Dataset records
━━━
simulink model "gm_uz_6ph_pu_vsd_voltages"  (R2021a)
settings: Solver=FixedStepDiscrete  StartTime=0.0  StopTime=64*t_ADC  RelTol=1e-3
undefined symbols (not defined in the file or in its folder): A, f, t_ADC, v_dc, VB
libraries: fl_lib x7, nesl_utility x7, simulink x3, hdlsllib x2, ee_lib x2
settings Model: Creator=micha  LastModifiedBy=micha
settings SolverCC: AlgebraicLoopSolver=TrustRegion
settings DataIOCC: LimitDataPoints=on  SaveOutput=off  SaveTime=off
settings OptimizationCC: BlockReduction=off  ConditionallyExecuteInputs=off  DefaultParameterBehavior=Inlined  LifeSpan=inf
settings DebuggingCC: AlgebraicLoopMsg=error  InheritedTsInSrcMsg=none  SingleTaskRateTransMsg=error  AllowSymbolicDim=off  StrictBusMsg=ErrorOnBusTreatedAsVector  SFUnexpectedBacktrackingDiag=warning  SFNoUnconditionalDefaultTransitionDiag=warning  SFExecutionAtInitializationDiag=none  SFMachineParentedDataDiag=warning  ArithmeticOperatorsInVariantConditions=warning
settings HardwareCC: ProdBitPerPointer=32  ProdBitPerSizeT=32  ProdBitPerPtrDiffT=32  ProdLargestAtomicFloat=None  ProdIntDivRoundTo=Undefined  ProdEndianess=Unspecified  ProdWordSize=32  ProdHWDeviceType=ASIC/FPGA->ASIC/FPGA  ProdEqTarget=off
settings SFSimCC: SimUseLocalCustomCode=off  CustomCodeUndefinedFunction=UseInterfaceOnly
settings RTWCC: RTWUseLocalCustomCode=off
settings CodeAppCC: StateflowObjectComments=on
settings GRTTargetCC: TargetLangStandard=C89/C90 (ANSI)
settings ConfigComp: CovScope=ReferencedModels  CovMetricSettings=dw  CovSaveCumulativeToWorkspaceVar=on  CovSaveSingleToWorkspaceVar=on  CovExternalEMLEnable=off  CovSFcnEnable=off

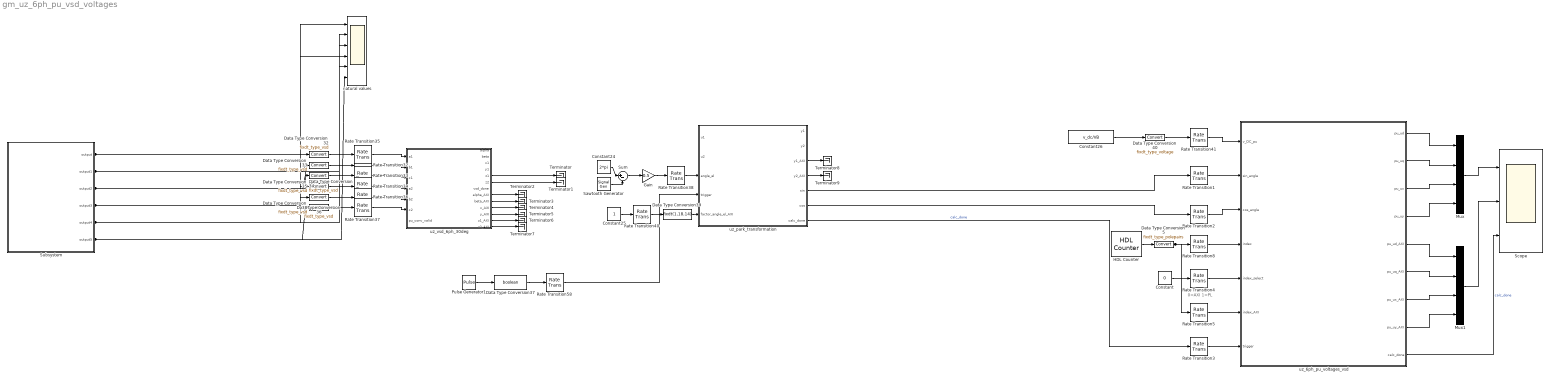
== system gm_uz_6ph_pu_vsd_voltages ==
  note: 0=AXI 1=PL
  Constant : Constant  Value=0  OutDataTypeStr=boolean
  Constant24 : Constant  Value=2*pi
  Constant25 : Constant
  Constant26 : Constant  Value=v_dc/VB
  Data Type Conversion{32..36,38} (6 alike) : DataTypeConversion  OutDataTypeStr=fixdt_type_vsd
  Data Type Conversion37 : DataTypeConversion  OutDataTypeStr=boolean
  Data Type Conversion39 : DataTypeConversion  OutDataTypeStr=fixdt(1,18,14)
  Data Type Conversion40 : DataTypeConversion  OutDataTypeStr=fixdt_type_voltage
  Data Type Conversion5 : DataTypeConversion  OutDataTypeStr=fixdt_type_polepairs
  Gain : Gain  Gain=0.5
  HDL Counter : hdlsllib/Sources/HDL Counter  CountType=Count limited  CountInit=1  CountStep=1  CountMax=64  CountFromType=Initial value  CountFrom=1  CountResetPort=off  CountLoadPort=off  CountEnbPort=off  CountDirPort=off  CountHitOutputPort=off  CountDataType=Unsigned  CountWordLen=8  CountFracLen=0  CountSampTime=t_ADC
  Mux : Mux
  Mux1 : Mux
  Pulse Generator1 : DiscretePulseGenerator  PulseType=Time based  Period=t_ADC  PulseWidth=5
  Rate Transition{1..2,4..5,32..38,40..41,58} (14 alike) : RateTransition  OutPortSampleTime=t_clock
  Rate Transition3 : RateTransition  InitialCondition=1  OutPortSampleTime=t_clock
  Rate Transition8 : RateTransition  InitialCondition=1  OutPortSampleTime=t_clock
  Sawtooth Generator : SignalGenerator  WaveForm=sawtooth  Amplitude=2*pi  Frequency=2*pi*f  Units=rad/sec
  Scope : Scope  NumInputPorts=3
  Subsystem : Subsystem
  Sum : Sum  Inputs=|+-
  Terminator{,1..9} (10 alike) : Terminator
  natural values : Scope  NumInputPorts=6
  uz_6ph_pu_voltages_vsd : Subsystem  TreatAsAtomicUnit=on
  uz_park_transformation : Subsystem  TreatAsAtomicUnit=on
  uz_vsd_6ph_30deg : Subsystem  TreatAsAtomicUnit=on
  wires:
  uz_6ph_pu_voltages_vsd/6(pu_uq_AXI) -> Mux1/2
  uz_6ph_pu_voltages_vsd/7(pu_ux_AXI) -> Mux1/3
  uz_6ph_pu_voltages_vsd/8(pu_uy_AXI) -> Mux1/4
  uz_6ph_pu_voltages_vsd/5(pu_ud_AXI) -> Mux1/1
  Mux1/1 -> Scope/2
  Constant/1 -> Rate Transition4/1
  Rate Transition5/1 -> uz_6ph_pu_voltages_vsd/6(index_AXI)
  Rate Transition4/1 -> uz_6ph_pu_voltages_vsd/5(index_select)
  Rate Transition38/1 -> uz_park_transformation/3(angle_el)
  HDL Counter/1 -> Data Type Conversion5/1
  uz_6ph_pu_voltages_vsd/9(calc_done) -> Scope/3  "calc_done"
  Mux/1 -> Scope/1
  uz_6ph_pu_voltages_vsd/4(pu_uy) -> Mux/4
  uz_6ph_pu_voltages_vsd/3(pu_ux) -> Mux/3
  uz_6ph_pu_voltages_vsd/2(pu_uq) -> Mux/2
  uz_6ph_pu_voltages_vsd/1(pu_ud) -> Mux/1
  uz_park_transformation/7(calc_done) -> Rate Transition3/1  "calc_done"
  Rate Transition3/1 -> uz_6ph_pu_voltages_vsd/7(trigger)
  Pulse Generator1/1 -> Data Type Conversion37/1
  Rate Transition58/1 -> uz_park_transformation/4(trigger)
  Data Type Conversion37/1 -> Rate Transition58/1
  Rate Transition2/1 -> uz_6ph_pu_voltages_vsd/3(cos_angle)
  Rate Transition1/1 -> uz_6ph_pu_voltages_vsd/2(sin_angle)
  uz_park_transformation/6(cos) -> Rate Transition2/1
  uz_park_transformation/5(sin) -> Rate Transition1/1
  uz_vsd_6ph_30deg/13(z2_AXI) -> Terminator7/1
  Data Type Conversion32/1 -> Rate Transition35/1
  uz_park_transformation/4(y2_AXI) -> Terminator9/1
  uz_vsd_6ph_30deg/12(z1_AXI) -> Terminator6/1
  Data Type Conversion36/1 -> Rate Transition36/1
  uz_vsd_6ph_30deg/8(alpha_AXI) -> Terminator2/1
  Rate Transition32/1 -> uz_vsd_6ph_30deg/2(b1)
  uz_park_transformation/3(y1_AXI) -> Terminator8/1
  Subsystem/6(output5) -> Data Type Conversion38/1, natural values/6
  uz_vsd_6ph_30deg/11(y_AXI) -> Terminator5/1
  Subsystem/1(output) -> Data Type Conversion32/1, natural values/1
  Constant24/1 -> Sum/1
  Rate Transition36/1 -> uz_vsd_6ph_30deg/5(b2)
  Rate Transition35/1 -> uz_vsd_6ph_30deg/1(a1)
  Data Type Conversion33/1 -> Rate Transition32/1
  Data Type Conversion38/1 -> Rate Transition37/1
  Subsystem/2(output1) -> Data Type Conversion33/1, natural values/2
  Subsystem/3(output2) -> natural values/3, Data Type Conversion34/1
  Data Type Conversion39/1 -> uz_park_transformation/5(factor_angle_el_AXI)
  uz_vsd_6ph_30deg/10(x_AXI) -> Terminator4/1
  uz_vsd_6ph_30deg/6(z2) -> Terminator1/1
  Rate Transition37/1 -> uz_vsd_6ph_30deg/6(c2)
  Rate Transition34/1 -> uz_vsd_6ph_30deg/4(a2)
  uz_vsd_6ph_30deg/9(beta_AXI) -> Terminator3/1
  Rate Transition33/1 -> uz_vsd_6ph_30deg/3(c1)
  Subsystem/5(output4) -> natural values/5, Data Type Conversion36/1
  Sum/1 -> Gain/1
  Subsystem/4(output3) -> natural values/4, Data Type Conversion35/1
  Gain/1 -> Rate Transition38/1
  Data Type Conversion34/1 -> Rate Transition33/1
  Constant25/1 -> Rate Transition40/1
  Sawtooth Generator/1 -> Sum/2
  Rate Transition40/1 -> Data Type Conversion39/1
  uz_vsd_6ph_30deg/5(z1) -> Terminator/1
  Data Type Conversion35/1 -> Rate Transition34/1
  Data Type Conversion40/1 -> Rate Transition41/1
  Rate Transition41/1 -> uz_6ph_pu_voltages_vsd/1(v_DC_pu)
  Constant26/1 -> Data Type Conversion40/1
  Rate Transition8/1 -> uz_6ph_pu_voltages_vsd/4(index)
  Data Type Conversion5/1 -> Rate Transition5/1, Rate Transition8/1

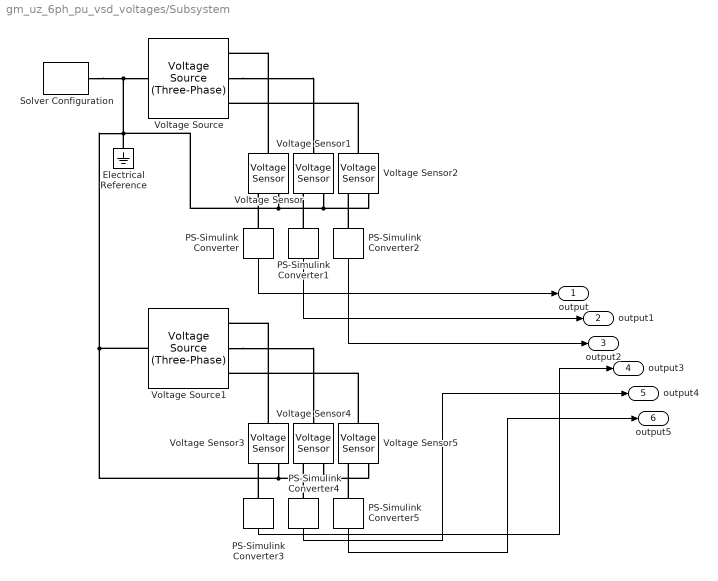
== system gm_uz_6ph_pu_vsd_voltages/Subsystem ==
  Electrical Reference : fl_lib/Electrical/Electrical Elements/Electrical Reference
  PS-Simulink Converter{,1..5} (6 alike) : nesl_utility/PS-Simulink Converter  PhysicalDomain=network_engine_domain  SubClassName=ps_output  LeftPortType=input  RightPortType=output  PseudoPeriodic=off  Frequencies=[]  Unit=1  AffineConversion=off
  Solver Configuration : nesl_utility/Solver Configuration  PhysicalDomain=network_engine_domain  SubClassName=solver  LeftPortType=input  RightPortType=generic  Tones=[]  Harmonics=[]  SimulateNoise=off  Profile=off  UseLocalSampling=off  EnableSwitchedLinearOptims=on  FrequencyDomain=off  UseCCode=off  RelTol=0.001  AbsTol=1e-06  MinStep=1e-09  ToWorkspace=off  RevertToSquareIcSolve=off  NumHomotopyIterations=100  PhasorMode=off  PhasorModeNumHarmonics=1  DoDC=off  ResidualTolerance=1e-09  UseLocalSolver=on  LocalSolverChoice=NE_BACKWARD_EULER_ADVANCER  LocalSolverSampleTime=1e-6  DoFixedCost=on  MaxNonlinIter=3  MaxModeIter=2  ComputeImpulses=off  ImpulseIterations=2  LinearAlgebra=Sparse  EquationFormulation=NE_TIME_EF  DelaysMemoryBudget=1024  AutomaticFiltering=on  FilteringTimeConstant=0.001  PartitionStorageMethod=AS_NEEDED  PartitionMemoryBudget=1024  PartitionMethod=FAST
  Voltage Sensor{,1..5} (6 alike) : fl_lib/Electrical/Electrical Sensors/Voltage Sensor
  Voltage Source : ee_lib/Sources/Voltage Source (Three-Phase)  vline_rms=A*sqrt(3)/sqrt(2) V  shift=0 deg  freq=f Hz  impedance_option=1  SShortCircuit=1e6 V*A  XR=15  R=0.01 Ohm  L=3.97e-4 H  G_parasitic=0 1/Ohm  harmonic_option=1  harmonic_orders=Harmonic_Orders  harmonic_ratios=Harmonic_Amplitudes  I_specify=off  I_priority=None  I=[ 0 0 0 ] A  I_nominal_specify=off  I_nominal_unit=A  I_nominal_value=1
      settings: SourceProductBaseCode=PS  InternalSimscapePortConfiguration="{\"Bottom\":[],\"Left\":[{\"id\":\"n\",\"label\":\"n\",\"type\":\"foundation.electrical.electrical\"}],\"Right\":[{\"id\":\"a\",\"label\":\"a\",\"type\":\"foundation.electrical.electrical\"},{\"id\":\"b\",\"label\":\"b\",\"type\":\"foundation.electrical.electrical\"},{\"id\":\"c\",\"label\":\"c\",\"type\":\"foundation.electrical.electrical\"}],\"Top\":[]}"
  Voltage Source1 : ee_lib/Sources/Voltage Source (Three-Phase)  vline_rms=A*sqrt(3)/sqrt(2) V  shift=-30 deg  freq=f Hz  impedance_option=1  SShortCircuit=1e6 V*A  XR=15  R=0.01 Ohm  L=3.97e-4 H  G_parasitic=0 1/Ohm  harmonic_option=1  harmonic_orders=Harmonic_Orders  harmonic_ratios=Harmonic_Amplitudes  I_specify=off  I_priority=None  I=[ 0 0 0 ] A  I_nominal_specify=off  I_nominal_unit=A  I_nominal_value=1
      settings: SourceProductBaseCode=PS  InternalSimscapePortConfiguration="{\"Bottom\":[],\"Left\":[{\"id\":\"n\",\"label\":\"n\",\"type\":\"foundation.electrical.electrical\"}],\"Right\":[{\"id\":\"a\",\"label\":\"a\",\"type\":\"foundation.electrical.electrical\"},{\"id\":\"b\",\"label\":\"b\",\"type\":\"foundation.electrical.electrical\"},{\"id\":\"c\",\"label\":\"c\",\"type\":\"foundation.electrical.electrical\"}],\"Top\":[]}"
  output : Outport
  output1 : Outport  Port=2
  output2 : Outport  Port=3
  output3 : Outport  Port=4
  output4 : Outport  Port=5
  output5 : Outport  Port=6
  wires:
  PS-Simulink Converter2/1 -> output2/1
  PS-Simulink Converter5/1 -> output5/1
  PS-Simulink Converter1/1 -> output1/1
  PS-Simulink Converter4/1 -> output4/1
  PS-Simulink Converter3/1 -> output3/1
  PS-Simulink Converter/1 -> output/1
  connections:
  Voltage Source/RConn2 -- Voltage Sensor1/LConn1
  Voltage Sensor/LConn1 -- Voltage Source/RConn1
  PS-Simulink Converter3/LConn1 -- Voltage Sensor3/RConn1
  PS-Simulink Converter2/LConn1 -- Voltage Sensor2/RConn1
  Voltage Sensor2/LConn1 -- Voltage Source/RConn3
  PS-Simulink Converter4/LConn1 -- Voltage Sensor4/RConn1
  Voltage Sensor5/LConn1 -- Voltage Source1/RConn3
  Voltage Source1/RConn2 -- Voltage Sensor4/LConn1
  PS-Simulink Converter/LConn1 -- Voltage Sensor/RConn1
  Voltage Sensor3/LConn1 -- Voltage Source1/RConn1
  PS-Simulink Converter1/LConn1 -- Voltage Sensor1/RConn1
  PS-Simulink Converter5/LConn1 -- Voltage Sensor5/RConn1
  Voltage Sensor4/RConn2 -- Voltage Sensor3/RConn2 -- Voltage Source1/LConn1 -- Electrical Reference/LConn1 -- Voltage Sensor/RConn2 -- Voltage Sensor1/RConn2 -- Voltage Sensor2/RConn2 -- Voltage Source/LConn1 -- Solver Configuration/RConn1 -- Voltage Sensor5/RConn2

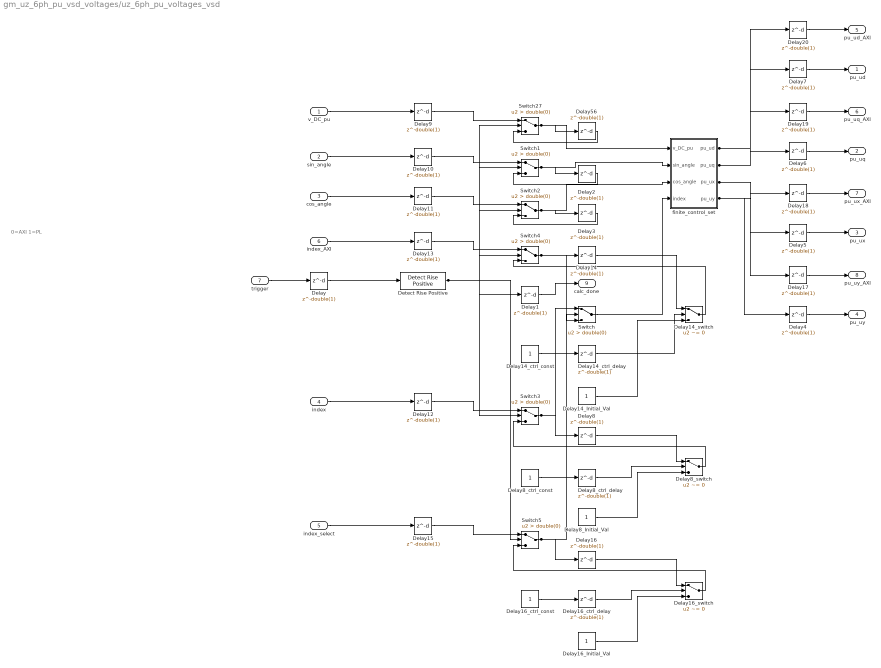
== system gm_uz_6ph_pu_vsd_voltages/uz_6ph_pu_voltages_vsd ==
  note: 0=AXI 1=PL
  v_DC_pu : Inport  OutDataTypeStr=fixdt(1, 18, 15)  PortDimensions=1  SampleTime=1e-08
  sin_angle : Inport  Port=2  OutDataTypeStr=fixdt(1, 18, 16)  PortDimensions=1  SampleTime=1e-08
  cos_angle : Inport  Port=3  OutDataTypeStr=fixdt(1, 18, 16)  PortDimensions=1  SampleTime=1e-08
  index : Inport  Port=4  OutDataTypeStr=uint32  PortDimensions=1  SampleTime=1e-08
  index_select : Inport  Port=5  OutDataTypeStr=boolean  PortDimensions=1  SampleTime=1e-08
  index_AXI : Inport  Port=6  OutDataTypeStr=uint32  PortDimensions=1  SampleTime=1e-08
  trigger : Inport  Port=7  OutDataTypeStr=boolean  PortDimensions=1  SampleTime=1e-08
  Delay{,1..20,56} (22 alike) : Delay  DelayLength=double(1)  InitialCondition=0  SampleTime=1e-08
  Delay14_Initial_Val : Constant  OutDataTypeStr=uint32  SampleTime=1e-08
  Delay14_ctrl_const : Constant  OutDataTypeStr=boolean  SampleTime=1e-08
  Delay14_ctrl_delay : Delay  DelayLength=double(1)  InitialCondition=0  SampleTime=1e-08
  Delay14_switch : Switch  Criteria=u2 ~= 0  Threshold=double(0)  OutDataTypeStr=uint32  SampleTime=1e-08
  Delay16_Initial_Val : Constant  OutDataTypeStr=uint32  SampleTime=1e-08
  Delay16_ctrl_const : Constant  OutDataTypeStr=boolean  SampleTime=1e-08
  Delay16_ctrl_delay : Delay  DelayLength=double(1)  InitialCondition=0  SampleTime=1e-08
  Delay16_switch : Switch  Criteria=u2 ~= 0  Threshold=double(0)  OutDataTypeStr=uint32  SampleTime=1e-08
  Delay8_Initial_Val : Constant  OutDataTypeStr=uint32  SampleTime=1e-08
  Delay8_ctrl_const : Constant  OutDataTypeStr=boolean  SampleTime=1e-08
  Delay8_ctrl_delay : Delay  DelayLength=double(1)  InitialCondition=0  SampleTime=1e-08
  Delay8_switch : Switch  Criteria=u2 ~= 0  Threshold=double(0)  OutDataTypeStr=uint32  SampleTime=1e-08
  Detect Rise Positive : simulink/Logic and Bit Operations/Detect Rise Positive  vinit=0  OutDataTypeStr=boolean
  Switch{,3..5} (4 alike) : Switch  Criteria=u2 > Threshold  Threshold=double(0)  OutDataTypeStr=uint32  SampleTime=1e-08
  Switch1 : Switch  Criteria=u2 > Threshold  Threshold=double(0)  OutDataTypeStr=fixdt(1, 18, 16)  SampleTime=1e-08
  Switch2 : Switch  Criteria=u2 > Threshold  Threshold=double(0)  OutDataTypeStr=fixdt(1, 18, 16)  SampleTime=1e-08
  Switch27 : Switch  Criteria=u2 > Threshold  Threshold=double(0)  OutDataTypeStr=fixdt(1, 18, 15)  SampleTime=1e-08
  finite_control_set : Subsystem
  pu_ud : Outport  SampleTime=1e-08
  pu_uq : Outport  Port=2  SampleTime=1e-08
  pu_ux : Outport  Port=3  SampleTime=1e-08
  pu_uy : Outport  Port=4  SampleTime=1e-08
  pu_ud_AXI : Outport  Port=5  SampleTime=1e-08
  pu_uq_AXI : Outport  Port=6  SampleTime=1e-08
  pu_ux_AXI : Outport  Port=7  SampleTime=1e-08
  pu_uy_AXI : Outport  Port=8  SampleTime=1e-08
  calc_done : Outport  Port=9  SampleTime=1e-08
  wires:
  v_DC_pu/1 -> Delay9/1
  sin_angle/1 -> Delay10/1
  cos_angle/1 -> Delay11/1
  index/1 -> Delay12/1
  index_select/1 -> Delay15/1
  index_AXI/1 -> Delay13/1
  trigger/1 -> Delay/1
  Delay/1 -> Detect Rise Positive/1
  Delay1/1 -> calc_done/1
  Delay10/1 -> Switch1/1
  Delay11/1 -> Switch2/1
  Delay12/1 -> Switch3/1
  Delay13/1 -> Switch4/1
  Delay14_switch/1 -> Switch4/3
  Delay15/1 -> Switch5/1
  Delay16_switch/1 -> Switch5/3
  Delay17/1 -> pu_uy_AXI/1
  Delay18/1 -> pu_ux_AXI/1
  Delay19/1 -> pu_uq_AXI/1
  Delay2/1 -> Switch1/3
  Delay20/1 -> pu_ud_AXI/1
  Delay3/1 -> Switch2/3
  Delay4/1 -> pu_uy/1
  Delay5/1 -> pu_ux/1
  Delay56/1 -> Switch27/3
  Delay6/1 -> pu_uq/1
  Delay7/1 -> pu_ud/1
  Delay8_switch/1 -> Switch3/3
  Delay9/1 -> Switch27/1
  Detect Rise Positive/1 -> Switch5/2, Switch4/2, Switch3/2, Switch27/2, Switch2/2, Switch1/2, Delay1/1
  Switch/1 -> finite_control_set/4(index)
  Switch1/1 -> Delay2/1, finite_control_set/2(sin_angle)
  Switch2/1 -> Delay3/1, finite_control_set/3(cos_angle)
  Switch27/1 -> Delay56/1, finite_control_set/1(v_DC_pu)
  Switch3/1 -> Switch/1, Delay8/1
  Switch4/1 -> Switch/3, Delay14/1
  Switch5/1 -> Switch/2, Delay16/1
  finite_control_set/1(pu_ud) -> Delay7/1, Delay20/1
  finite_control_set/2(pu_uq) -> Delay6/1, Delay19/1
  finite_control_set/3(pu_ux) -> Delay5/1, Delay18/1
  finite_control_set/4(pu_uy) -> Delay4/1, Delay17/1
  Delay14/1 -> Delay14_switch/1
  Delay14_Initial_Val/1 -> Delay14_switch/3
━━━
Required action
Whenever a line of the data above includes the word "LeftPortType", copy that line.

Written answer
  PS-Simulink Converter{,1..5} (6 alike) : nesl_utility/PS-Simulink Converter  PhysicalDomain=network_engine_domain  SubClassName=ps_output  LeftPortType=input  RightPortType=output  PseudoPeriodic=off  Frequencies=[]  Unit=1  AffineConversion=off
  Solver Configuration : nesl_utility/Solver Configuration  PhysicalDomain=network_engine_domain  SubClassName=solver  LeftPortType=input  RightPortType=generic  Tones=[]  Harmonics=[]  SimulateNoise=off  Profile=off  UseLocalSampling=off  EnableSwitchedLinearOptims=on  FrequencyDomain=off  UseCCode=off  RelTol=0.001  AbsTol=1e-06  MinStep=1e-09  ToWorkspace=off  RevertToSquareIcSolve=off  NumHomotopyIterations=100  PhasorMode=off  PhasorModeNumHarmonics=1  DoDC=off  ResidualTolerance=1e-09  UseLocalSolver=on  LocalSolverChoice=NE_BACKWARD_EULER_ADVANCER  LocalSolverSampleTime=1e-6  DoFixedCost=on  MaxNonlinIter=3  MaxModeIter=2  ComputeImpulses=off  ImpulseIterations=2  LinearAlgebra=Sparse  EquationFormulation=NE_TIME_EF  DelaysMemoryBudget=1024  AutomaticFiltering=on  FilteringTimeConstant=0.001  PartitionStorageMethod=AS_NEEDED  PartitionMemoryBudget=1024  PartitionMethod=FAST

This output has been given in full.